The Park School Wins 2017 Mock Trial State Championship

                                                                                                    

(ANNAPOLIS, MARYLAND, April 28, 2016) — Maryland Court of Appeals Judge Michele D. Hotten today announced The Park School as the winner of the 2017 Mock Trial State Championship.  Baltimore City College High School and The Park School (Baltimore County) competed in the championship final in the historic Court of Appeals today in the state’s 34th annual competition.

 

“I was honored to preside over the Maryland Mock Trial Championship this year,” said Judge Hotten.  “The stellar performances of these teams reflected a tremendous amount of dedication, hard work, preparation and confidence.  I applaud the pinnacle of success these finalists have achieved and the sportsmanship exhibited by both teams during the mock trial.”

 

This year’s mock trial case, Maryland v.

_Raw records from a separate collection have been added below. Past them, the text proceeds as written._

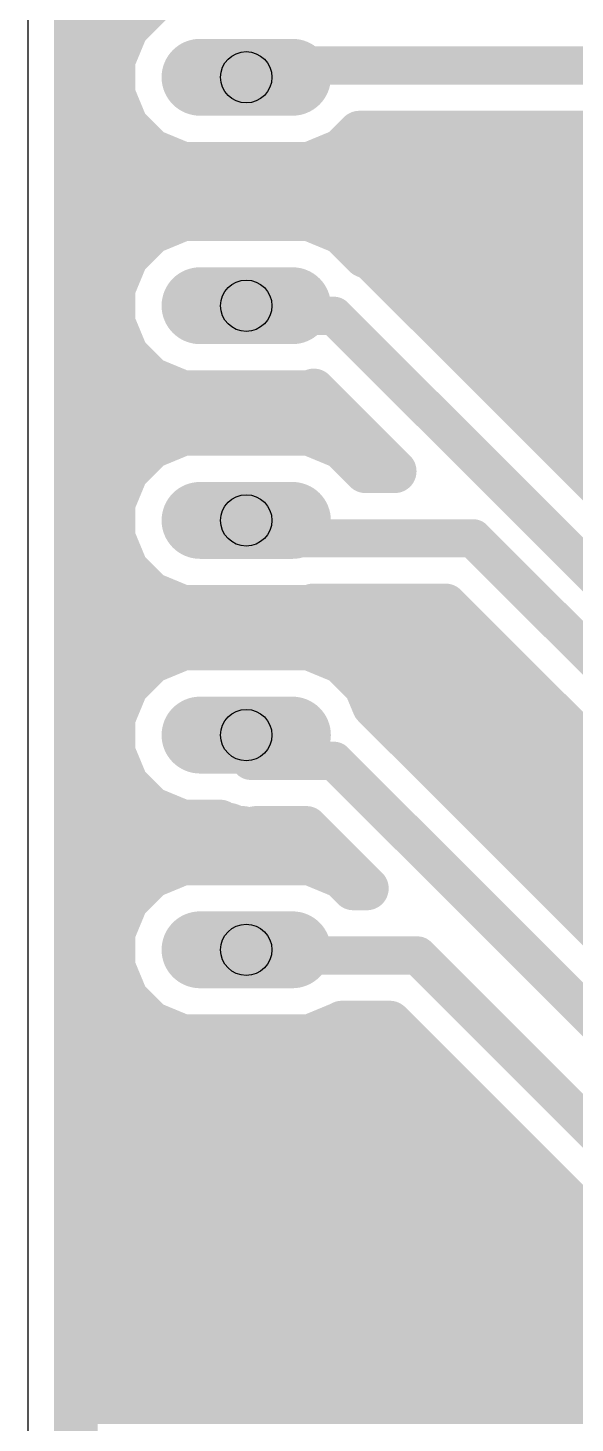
# Model space of a CAD drawing. Extents: x 0 to 108, y 0 to 85.
# Drawn here: x 0 to 12.73, y 20.85 to 53.34 of the extents above; entities that cross this region are included whole.
import ezdxf

# ---------------------------------------------------------------- set-up
doc = ezdxf.new("R2010")
doc.units = 0
for name, color, linetype in [('16', 174, 'CONTINUOUS'), ('17', 94, 'CONTINUOUS'), ('20', 178, 'CONTINUOUS'), ('44', 250, 'CONTINUOUS')]:
    doc.layers.add(name, color=color, linetype=linetype)

# ---------------------------------------------------------------- blocks, each defined once
blk = doc.blocks.new('LONGP120')
at = {"const_width": 1}
blk.add_lwpolyline([(-0.6, 0), (0.6, 0)], dxfattribs=at)
at = {"const_width": 0.5}
for points in [[(-0.6, 0.25, 1), (-0.6, -0.25)], [(0.6, -0.25, 1), (0.6, 0.25)]]:
    blk.add_lwpolyline(points, format="xyb", dxfattribs=at)

msp = doc.modelspace()

# ---------------------------------------------------------------- linework, layer by layer
at = {"layer": '16'}
for points, const_width in [([(1.1176, 1.1176), (1.1176, 83.9624)], 1.016), ([(1.9431, 51.1683), (1.9431, 68.0085)], 0.889), ([(1.1176, 53.848), (2.8168, 53.848)], 1.016), ([(2.8653, 53.8965), (2.2991, 53.3302)], 1.016), ([(2.2991, 53.3302), (1.9926, 52.5904)], 1.016), ([(1.1176, 52.832), (2.0927, 52.832)], 1.016), ([(1.9926, 52.5904), (1.9926, 51.7896)], 1.016), ([(5.1816, 52.4637), (5.08, 52.19)], 0.889), ([(14.8971, 52.4637), (5.1816, 52.4637)], 0.889), ([(1.1176, 51.816), (1.9926, 51.816)], 1.016), ([(1.9926, 51.7896), (2.2991, 51.0498)], 1.016), ([(3.2385, 49.8729), (1.9431, 51.1683)], 0.889), ([(2.2991, 51.0498), (2.8653, 50.4835)], 1.016), ([(7.2947, 50.4835), (7.7128, 50.9016)], 1.016), ([(7.7128, 50.9016), (15.2078, 50.9016)], 1.016), ([(1.1176, 50.8), (2.5488, 50.8)], 1.016), ([(7.6112, 50.8), (19.9504, 50.8)], 1.016), ([(2.8653, 50.4835), (3.6052, 50.1771)], 1.016), ([(6.5548, 50.1771), (7.2947, 50.4835)], 1.016), ([(3.6052, 50.1771), (6.5548, 50.1771)], 1.016), ([(1.1176, 49.784), (19.5326, 49.784)], 1.016), ([(18.7833, 49.8729), (3.2385, 49.8729)], 0.889), ([(3.6052, 48.8829), (2.8653, 48.5765)], 1.016), ([(6.5548, 48.8829), (3.6052, 48.8829)], 1.016), ([(7.2947, 48.5765), (6.5548, 48.8829)], 1.016), ([(1.1176, 48.768), (3.3277, 48.768)], 1.016), ([(2.8653, 48.5765), (2.2991, 48.0102)], 1.016), ([(6.8323, 48.768), (19.6787, 48.768)], 1.016), ([(7.8438, 48.0273), (7.2947, 48.5765)], 1.016), ([(2.2991, 48.0102), (1.9926, 47.2704)], 1.016), ([(8.0096, 47.9587), (7.8438, 48.0273)], 1.016), ([(24.8498, 31.1185), (8.0096, 47.9587)], 1.016), ([(1.1176, 47.752), (2.1921, 47.752)], 1.016), ([(8.2162, 47.752), (20.5062, 47.752)], 1.016), ([(1.9926, 47.2704), (1.9926, 46.4696)], 1.016), ([(1.1176, 46.736), (1.9926, 46.736)], 1.016), ([(5.1816, 46.6344), (5.08, 46.87)], 0.889), ([(9.2322, 46.736), (28.2321, 46.736)], 1.016), ([(1.9926, 46.4696), (2.2991, 45.7298)], 1.016), ([(7.1247, 46.6344), (5.1816, 46.6344)], 0.889), ([(23.9649, 29.7942), (7.1247, 46.6344)], 0.889), ([(1.1176, 45.72), (2.3088, 45.72)], 1.016), ([(2.2991, 45.7298), (2.8653, 45.1635)], 1.016), ([(10.2482, 45.72), (28.2321, 45.72)], 1.016), ([(2.8653, 45.1635), (3.6052, 44.8571)], 1.016), ([(1.1176, 44.704), (6.846, 44.704)], 1.016), ([(3.6052, 44.8571), (6.5548, 44.8571)], 1.016), ([(6.5548, 44.8571), (6.6525, 44.8975)], 1.016), ([(6.6525, 44.8975), (8.5351, 43.0149)], 1.016), ([(11.2642, 44.704), (28.2321, 44.704)], 1.016), ([(1.1176, 43.688), (3.1345, 43.688)], 1.016), ([(3.6052, 43.8829), (2.8653, 43.5765)], 1.016), ([(6.5548, 43.8829), (3.6052, 43.8829)], 1.016), ([(7.2947, 43.5765), (6.5548, 43.8829)], 1.016), ([(7.0255, 43.688), (7.862, 43.688)], 1.016), ([(12.2802, 43.688), (28.2321, 43.688)], 1.016), ([(2.8653, 43.5765), (2.2991, 43.0102)], 1.016), ([(7.8563, 43.0149), (7.2947, 43.5765)], 1.016), ([(2.2991, 43.0102), (1.9926, 42.2704)], 1.016), ([(8.5351, 43.0149), (7.8563, 43.0149)], 1.016), ([(1.1176, 42.672), (2.159, 42.672)], 1.016), ([(1.9926, 42.2704), (1.9926, 41.4696)], 1.016), ([(5.1816, 41.4528), (5.08, 41.87)], 0.889), ([(1.1176, 41.656), (1.9926, 41.656)], 1.016), ([(1.9926, 41.4696), (2.2991, 40.7298)], 1.016), ([(10.3632, 41.4528), (5.1816, 41.4528)], 0.889), ([(21.3741, 30.4419), (10.3632, 41.4528)], 0.889), ([(1.1176, 40.64), (2.3888, 40.64)], 1.016), ([(2.2991, 40.7298), (2.8653, 40.1635)], 1.016), ([(2.8653, 40.1635), (3.6052, 39.8571)], 1.016), ([(3.6052, 39.8571), (6.5548, 39.8571)], 1.016), ([(6.5548, 39.8571), (6.6361, 39.8907)], 1.016), ([(6.6361, 39.8907), (9.7162, 39.8907)], 1.016), ([(9.7162, 39.8907), (15.3745, 34.2324)], 1.016), ([(1.1176, 39.624), (9.9829, 39.624)], 1.016), ([(3.6052, 38.8829), (2.8653, 38.5765)], 1.016), ([(6.5548, 38.8829), (3.6052, 38.8829)], 1.016), ([(7.2947, 38.5765), (6.5548, 38.8829)], 1.016), ([(1.1176, 38.608), (2.9414, 38.608)], 1.016), ([(2.8653, 38.5765), (2.2991, 38.0102)], 1.016), ([(7.2186, 38.608), (10.9989, 38.608)], 1.016), ([(7.8609, 38.0102), (7.2947, 38.5765)], 1.016), ([(2.2991, 38.0102), (1.9926, 37.2704)], 1.016), ([(8.0491, 37.556), (7.8609, 38.0102)], 1.016), ([(1.1176, 37.592), (2.1258, 37.592)], 1.016), ([(8.0342, 37.592), (12.0149, 37.592)], 1.016), ([(13.7924, 31.8126), (8.0491, 37.556)], 1.016), ([(1.9926, 37.2704), (1.9926, 36.4696)], 1.016), ([(1.1176, 36.576), (1.9926, 36.576)], 1.016), ([(5.1816, 36.2712), (5.08, 36.87)], 0.889), ([(9.029, 36.576), (13.0309, 36.576)], 1.016), ([(1.9926, 36.4696), (2.2991, 35.7298)], 1.016), ([(7.1247, 36.2712), (5.1816, 36.2712)], 0.889), ([(18.7833, 24.6126), (7.1247, 36.2712)], 0.889), ([(1.1176, 35.56), (2.4688, 35.56)], 1.016), ([(2.2991, 35.7298), (2.8653, 35.1635)], 1.016), ([(10.045, 35.56), (14.0469, 35.56)], 1.016), ([(2.8653, 35.1635), (3.6052, 34.8571)], 1.016), ([(3.6052, 34.8571), (4.4751, 34.8571)], 1.016), ([(4.4751, 34.8571), (4.5307, 34.8176)], 1.016), ([(4.5307, 34.8176), (4.7054, 34.7777)], 1.016), ([(4.7054, 34.7777), (4.8709, 34.7091)], 1.016), ([(4.8709, 34.7091), (5.0054, 34.7091)], 1.016), ([(5.0054, 34.7091), (5.1366, 34.6791)], 1.016), ([(5.1366, 34.6791), (5.3132, 34.7091)], 1.016), ([(5.3132, 34.7091), (6.4777, 34.7091)], 1.016), ([(6.4777, 34.7091), (7.8874, 33.2994)], 1.016), ([(1.1176, 34.544), (6.6428, 34.544)], 1.016), ([(11.061, 34.544), (15.0629, 34.544)], 1.016), ([(3.6052, 33.8829), (2.8653, 33.5765)], 1.016), ([(6.5548, 33.8829), (3.6052, 33.8829)], 1.016), ([(7.2947, 33.5765), (6.5548, 33.8829)], 1.016), ([(1.1176, 33.528), (2.8168, 33.528)], 1.016), ([(2.8653, 33.5765), (2.2991, 33.0102)], 1.016), ([(7.5718, 33.2994), (7.2947, 33.5765)], 1.016), ([(7.3432, 33.528), (7.6588, 33.528)], 1.016), ([(7.8874, 33.2994), (7.5718, 33.2994)], 1.016), ([(12.077, 33.528), (14.4447, 33.528)], 1.016), ([(2.2991, 33.0102), (1.9926, 32.2704)], 1.016), ([(1.1176, 32.512), (2.0927, 32.512)], 1.016), ([(13.093, 32.512), (13.9007, 32.512)], 1.016), ([(1.9926, 32.2704), (1.9926, 31.4696)], 1.016), ([(5.1816, 31.7373), (5.08, 31.87)], 0.889), ([(9.0678, 31.7373), (5.1816, 31.7373)], 0.889), ([(16.1925, 24.6126), (9.0678, 31.7373)], 0.889), ([(1.1176, 31.496), (1.9926, 31.496)], 1.016), ([(1.9926, 31.4696), (2.2991, 30.7298)], 1.016), ([(2.2991, 30.7298), (2.8653, 30.1635)], 1.016), ([(1.1176, 30.48), (2.5488, 30.48)], 1.016), ([(2.8653, 30.1635), (3.6052, 29.8571)], 1.016), ([(6.5548, 29.8571), (7.2947, 30.1635)], 1.016), ([(7.2947, 30.1635), (7.3064, 30.1752)], 1.016), ([(7.3064, 30.1752), (8.4208, 30.1752)], 1.016), ([(8.4208, 30.1752), (14.4526, 24.1434)], 1.016), ([(3.6052, 29.8571), (6.5548, 29.8571)], 1.016), ([(1.1176, 29.464), (9.132, 29.464)], 1.016), ([(1.1176, 28.448), (10.148, 28.448)], 1.016), ([(1.1176, 27.432), (11.164, 27.432)], 1.016), ([(1.1176, 26.416), (12.18, 26.416)], 1.016), ([(1.1176, 25.4), (13.196, 25.4)], 1.016), ([(1.1176, 24.384), (14.212, 24.384)], 1.016), ([(1.1176, 23.368), (14.5987, 23.368)], 1.016), ([(1.1176, 22.352), (15.4262, 22.352)], 1.016), ([(1.1176, 21.336), (28.2321, 21.336)], 1.016)]:
    msp.add_lwpolyline(points, dxfattribs=dict(at, const_width=const_width))
for points, const_width in [([(1.1176, 54.102, 1), (1.1176, 53.594)], 0.508), ([(2.8168, 53.594, 1), (2.8168, 54.102)], 0.508), ([(2.1195, 53.5098, 1), (2.4787, 53.1506)], 0.508), ([(2.5337, 53.233, 1), (2.0644, 53.4274)], 0.508), ([(1.1176, 53.086, 1), (1.1176, 52.578)], 0.508), ([(2.0927, 52.578, 1), (2.0927, 53.086)], 0.508), ([(2.2466, 52.5904, 1), (1.7386, 52.5904)], 0.508), ([(1.758, 52.6876, 1), (2.2273, 52.4932)], 0.508), ([(5.1816, 52.686, 1), (5.1816, 52.2415)], 0.4445), ([(5.39, 52.3864, 1), (4.9732, 52.541)], 0.4445), ([(1.1176, 52.07, 1), (1.1176, 51.562)], 0.508), ([(1.9926, 51.562, 1), (1.9926, 52.07)], 0.508), ([(4.8716, 52.2673, 1), (5.2884, 52.1127)], 0.4445), ([(1.7386, 51.7896, 1), (2.2466, 51.7896)], 0.508), ([(2.2273, 51.8868, 1), (1.758, 51.6924)], 0.508), ([(2.1003, 51.3255, 1), (1.7859, 51.0111)], 0.4445), ([(1.7208, 51.1683, 1), (2.1654, 51.1683)], 0.4445), ([(2.4787, 51.2294, 1), (2.1195, 50.8701)], 0.508), ([(2.0644, 50.9526, 1), (2.5337, 51.147)], 0.508), ([(7.7128, 51.1556, 1), (7.7128, 50.6476)], 0.508), ([(7.8924, 50.722, 1), (7.5332, 51.0812)], 0.508), ([(1.1176, 51.054, 1), (1.1176, 50.546)], 0.508), ([(2.5488, 50.546, 1), (2.5488, 51.054)], 0.508), ([(7.6112, 51.054, 1), (7.6112, 50.546)], 0.508), ([(2.9625, 50.7182, 1), (2.7681, 50.2488)], 0.508), ([(2.6857, 50.3039, 1), (3.0449, 50.6631)], 0.508), ([(7.1151, 50.6631, 1), (7.4743, 50.3039)], 0.508), ([(7.3919, 50.2488, 1), (7.1975, 50.7182)], 0.508), ([(3.6052, 50.431, 1), (3.6052, 49.9231)], 0.508), ([(3.508, 49.9424, 1), (3.7024, 50.4117)], 0.508), ([(6.4576, 50.4117, 1), (6.652, 49.9424)], 0.508), ([(6.5548, 49.9231, 1), (6.5548, 50.431)], 0.508), ([(1.1176, 50.038, 1), (1.1176, 49.53)], 0.508), ([(3.2385, 50.0952, 1), (3.2385, 49.6506)], 0.4445), ([(3.0813, 49.7157, 1), (3.3957, 50.0301)], 0.4445), ([(3.6052, 49.1369, 1), (3.6052, 48.6289)], 0.508), ([(3.7024, 48.6483, 1), (3.508, 49.1176)], 0.508), ([(6.652, 49.1176, 1), (6.4576, 48.6483)], 0.508), ([(6.5548, 48.6289, 1), (6.5548, 49.1369)], 0.508), ([(1.1176, 49.022, 1), (1.1176, 48.514)], 0.508), ([(2.7681, 48.8112, 1), (2.9625, 48.3418)], 0.508), ([(3.0449, 48.3969, 1), (2.6857, 48.7561)], 0.508), ([(3.3277, 48.514, 1), (3.3277, 49.022)], 0.508), ([(6.8323, 49.022, 1), (6.8323, 48.514)], 0.508), ([(7.4743, 48.7561, 1), (7.1151, 48.3969)], 0.508), ([(7.1975, 48.3418, 1), (7.3919, 48.8112)], 0.508), ([(2.1195, 48.1898, 1), (2.4787, 47.8306)], 0.508), ([(2.5337, 47.913, 1), (2.0644, 48.1074)], 0.508), ([(7.941, 48.262, 1), (7.7466, 47.7927)], 0.508), ([(7.6642, 47.8477, 1), (8.0234, 48.2069)], 0.508), ([(8.1892, 48.1383, 1), (7.83, 47.7791)], 0.508), ([(7.9124, 47.724, 1), (8.1068, 48.1933)], 0.508), ([(1.1176, 48.006, 1), (1.1176, 47.498)], 0.508), ([(2.1921, 47.498, 1), (2.1921, 48.006)], 0.508), ([(8.2162, 48.006, 1), (8.2162, 47.498)], 0.508), ([(2.2466, 47.2704, 1), (1.7386, 47.2704)], 0.508), ([(1.758, 47.3676, 1), (2.2273, 47.1732)], 0.508), ([(1.1176, 46.99, 1), (1.1176, 46.482)], 0.508), ([(1.9926, 46.482, 1), (1.9926, 46.99)], 0.508), ([(5.2841, 46.958, 1), (4.8759, 46.782)], 0.4445), ([(9.2322, 46.99, 1), (9.2322, 46.482)], 0.508), ([(2.2273, 46.5668, 1), (1.758, 46.3724)], 0.508), ([(5.1816, 46.8567, 1), (5.1816, 46.4121)], 0.4445), ([(4.9775, 46.5464, 1), (5.3857, 46.7224)], 0.4445), ([(7.2819, 46.7916, 1), (6.9675, 46.4772)], 0.4445), ([(7.1247, 46.4121, 1), (7.1247, 46.8567)], 0.4445), ([(1.7386, 46.4696, 1), (2.2466, 46.4696)], 0.508), ([(1.1176, 45.974, 1), (1.1176, 45.466)], 0.508), ([(2.4787, 45.9094, 1), (2.1195, 45.5501)], 0.508), ([(2.3088, 45.466, 1), (2.3088, 45.974)], 0.508), ([(10.2482, 45.974, 1), (10.2482, 45.466)], 0.508), ([(2.0644, 45.6326, 1), (2.5337, 45.827)], 0.508), ([(2.9625, 45.3982, 1), (2.7681, 44.9288)], 0.508), ([(2.6857, 44.9839, 1), (3.0449, 45.3431)], 0.508), ([(1.1176, 44.958, 1), (1.1176, 44.45)], 0.508), ([(3.6052, 45.111, 1), (3.6052, 44.6031)], 0.508), ([(3.508, 44.6224, 1), (3.7024, 45.0917)], 0.508), ([(6.4576, 45.0917, 1), (6.652, 44.6224)], 0.508), ([(6.8321, 45.0771, 1), (6.4729, 44.7179)], 0.508), ([(6.5548, 44.6031, 1), (6.5548, 45.111)], 0.508), ([(6.7497, 44.6628, 1), (6.5553, 45.1322)], 0.508), ([(6.846, 44.45, 1), (6.846, 44.958)], 0.508), ([(11.2642, 44.958, 1), (11.2642, 44.45)], 0.508), ([(1.1176, 43.942, 1), (1.1176, 43.434)], 0.508), ([(3.1345, 43.434, 1), (3.1345, 43.942)], 0.508), ([(3.6052, 44.1369, 1), (3.6052, 43.6289)], 0.508), ([(3.7024, 43.6483, 1), (3.508, 44.1176)], 0.508), ([(6.652, 44.1176, 1), (6.4576, 43.6483)], 0.508), ([(6.5548, 43.6289, 1), (6.5548, 44.1369)], 0.508), ([(7.0255, 43.942, 1), (7.0255, 43.434)], 0.508), ([(7.862, 43.434, 1), (7.862, 43.942)], 0.508), ([(12.2802, 43.942, 1), (12.2802, 43.434)], 0.508), ([(2.7681, 43.8112, 1), (2.9625, 43.3418)], 0.508), ([(3.0449, 43.3969, 1), (2.6857, 43.7561)], 0.508), ([(7.4743, 43.7561, 1), (7.1151, 43.3969)], 0.508), ([(7.1975, 43.3418, 1), (7.3919, 43.8112)], 0.508), ([(2.1195, 43.1898, 1), (2.4787, 42.8306)], 0.508), ([(2.5337, 42.913, 1), (2.0644, 43.1074)], 0.508), ([(7.8563, 43.2689, 1), (7.8563, 42.7609)], 0.508), ([(7.6767, 42.8353, 1), (8.0359, 43.1945)], 0.508), ([(8.3555, 42.8353, 1), (8.7147, 43.1945)], 0.508), ([(8.5351, 42.7609, 1), (8.5351, 43.2689)], 0.508), ([(1.1176, 42.926, 1), (1.1176, 42.418)], 0.508), ([(2.159, 42.418, 1), (2.159, 42.926)], 0.508), ([(2.2466, 42.2704, 1), (1.7386, 42.2704)], 0.508), ([(1.758, 42.3676, 1), (2.2273, 42.1732)], 0.508), ([(5.2959, 41.9226, 1), (4.8641, 41.8174)], 0.4445), ([(1.1176, 41.91, 1), (1.1176, 41.402)], 0.508), ([(2.2273, 41.5668, 1), (1.758, 41.3724)], 0.508), ([(1.9926, 41.402, 1), (1.9926, 41.91)], 0.508), ([(1.7386, 41.4696, 1), (2.2466, 41.4696)], 0.508), ([(5.1816, 41.6751, 1), (5.1816, 41.2306)], 0.4445), ([(4.9657, 41.4002, 1), (5.3975, 41.5054)], 0.4445), ([(10.5204, 41.61, 1), (10.206, 41.2956)], 0.4445), ([(10.3632, 41.2306, 1), (10.3632, 41.6751)], 0.4445), ([(1.1176, 40.894, 1), (1.1176, 40.386)], 0.508), ([(2.4787, 40.9094, 1), (2.1195, 40.5501)], 0.508), ([(2.0644, 40.6326, 1), (2.5337, 40.827)], 0.508), ([(2.3888, 40.386, 1), (2.3888, 40.894)], 0.508), ([(2.9625, 40.3982, 1), (2.7681, 39.9288)], 0.508), ([(2.6857, 39.9839, 1), (3.0449, 40.3431)], 0.508), ([(3.6052, 40.111, 1), (3.6052, 39.6031)], 0.508), ([(3.508, 39.6224, 1), (3.7024, 40.0917)], 0.508), ([(6.4576, 40.0917, 1), (6.652, 39.6224)], 0.508), ([(6.6361, 40.1447, 1), (6.6361, 39.6367)], 0.508), ([(6.7333, 39.656, 1), (6.5389, 40.1254)], 0.508), ([(6.5548, 39.6031, 1), (6.5548, 40.111)], 0.508), ([(9.8958, 40.0703, 1), (9.5366, 39.7111)], 0.508), ([(9.7162, 39.6367, 1), (9.7162, 40.1447)], 0.508), ([(1.1176, 39.878, 1), (1.1176, 39.37)], 0.508), ([(9.9829, 39.37, 1), (9.9829, 39.878)], 0.508), ([(3.6052, 39.1369, 1), (3.6052, 38.6289)], 0.508), ([(3.7024, 38.6483, 1), (3.508, 39.1176)], 0.508), ([(6.652, 39.1176, 1), (6.4576, 38.6483)], 0.508), ([(6.5548, 38.6289, 1), (6.5548, 39.1369)], 0.508), ([(1.1176, 38.862, 1), (1.1176, 38.354)], 0.508), ([(2.7681, 38.8112, 1), (2.9625, 38.3418)], 0.508), ([(3.0449, 38.3969, 1), (2.6857, 38.7561)], 0.508), ([(2.9414, 38.354, 1), (2.9414, 38.862)], 0.508), ([(7.2186, 38.862, 1), (7.2186, 38.354)], 0.508), ([(7.4743, 38.7561, 1), (7.1151, 38.3969)], 0.508), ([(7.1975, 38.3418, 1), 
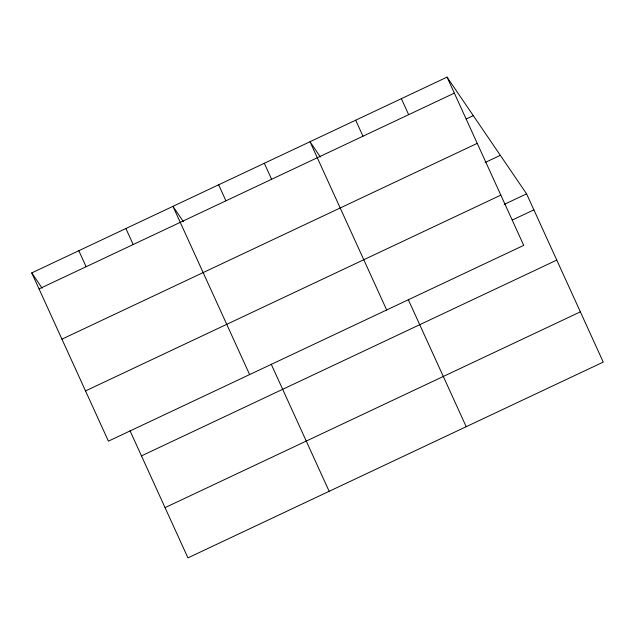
<?xml version="1.0" encoding="UTF-8"?>
<svg xmlns="http://www.w3.org/2000/svg" width="635" height="635" viewBox="0 0 635 635"><rect width="100%" height="100%" fill="white"/><g stroke="black" fill="none" stroke-linecap="round" stroke-linejoin="round"><path stroke-width="0.95" d="M447.056 77.129L523.724 245.364L108.418 441.15L31.75 272.907L447.056 77.129L526.582 193.85L603.25 362.093L187.944 557.871L130.016 430.76M39.045 288.917L454.35 93.131M466.13 119.023L473.297 115.649M61.936 339.153L477.242 143.367M485.108 162.512L500.332 155.337M85.527 390.914L500.832 195.128M504.182 204.406L526.582 193.85M512.374 219.996L533.876 209.86M141.462 455.882L556.768 260.096M165.052 507.635L580.358 311.856M320.389 156.98L309.999 141.732L386.675 309.975M183.34 221.591L172.95 206.343L249.626 374.579M31.75 272.907L42.14 288.155M401.368 98.663L408.662 114.673M355.687 120.198L362.982 136.207M408.273 299.585L466.201 426.696M264.319 163.274L271.613 179.276M218.638 184.809L225.933 200.811M271.224 364.196L329.152 491.307M125.889 228.529L133.183 244.538M78.819 250.722L86.114 266.732"/></g></svg>

Saratoga, provided the opportunity for students to research and study the environmental justice issue of contaminated water supplies in communities and schools, which has been brought to the forefront of legal discourse due to the crisis in Flint, Michigan.  The students received information about the mock case, which included criminal charges filed against a local school superintendent after high concentrations of lead were found in the district’s drinking fountains.

 

“The Maryland Judiciary has an honored tradition of working with the Maryland State Bar Association (MSBA) and the Citizenship Law Related Education Program (CLREP) to educate students and the public about the judicial branch of government,” said Maryland Court of Appeals Chief Judge Mary Ellen Barbera.  “Programs such as the Mock Trial State Competition encourage students to develop their understanding of and appreciation for our system of justice and the role of the rule of law in our democracy.  I congratulate all of the teams competing in this year’s Mock Trial  Competition, those teams competing in the semifinal round, and commend the Baltimore City College High School and The Park School teams for their performance in the final round of competition.”

 

The mock trial competition depends heavily on the several hundred judges, magistrates, and attorneys who volunteer to coach the teams and score the competitions at the local, regional, semifinal, and final levels, providing high school students throughout Maryland the opportunity to learn about the law and the legal system while developing advocacy skills.  Since the competition began in 1983, more than 62,000 students from nearly all of the counties in Maryland and Baltimore City have participated.

 

“Mock trials provide an excellent opportunity for state and local bar associations to connect with students and the community,” said Judge Harry C. Storm, Montgomery County Circuit Court, who is also president of the MSBA.  “Attorneys throughout the state are rewarded with a unique opportunity to coach and connect with the next generation of jurists.”

 

The Mock Trial semifinals were held on Thursday, April 27, at the Circuit Court for Anne Arundel County, with Court of Special Appeals Judge Timothy E. Meredith and Court of Special Appeals Judge Douglas R. M. Nazarian presiding.  The four semifinal teams included Baltimore City College High School; Bishop Walsh High School (Allegany County); The Park School (Baltimore County); and Winston Churchill High School (Montgomery County).

 

“The Maryland State Bar Association (MSBA) and Citizenship Law Related Education Program’s Mock Trial Competition is incredibly fortunate to have the support and participation of many of Maryland’s judges and lawyers,” said Shelley Brown, Executive Director, CLREP.  “Their involvement and enthusiasm creates a unique, authentic educational experience for nearly two thousand Maryland students and teachers every year.”

 

The mock trial competition is coordinated by the Citizenship Law-Related Education Program in cooperation with the Maryland State Bar Association and the Maryland Judiciary.  Every year, high school mock trial teams participate at least four times each in local competitions.  By the time a team has reached the state championship, it will have competed, on average, more than eight times.  Virtually all competitions are held in either District Court or Circuit Court courtrooms throughout the state.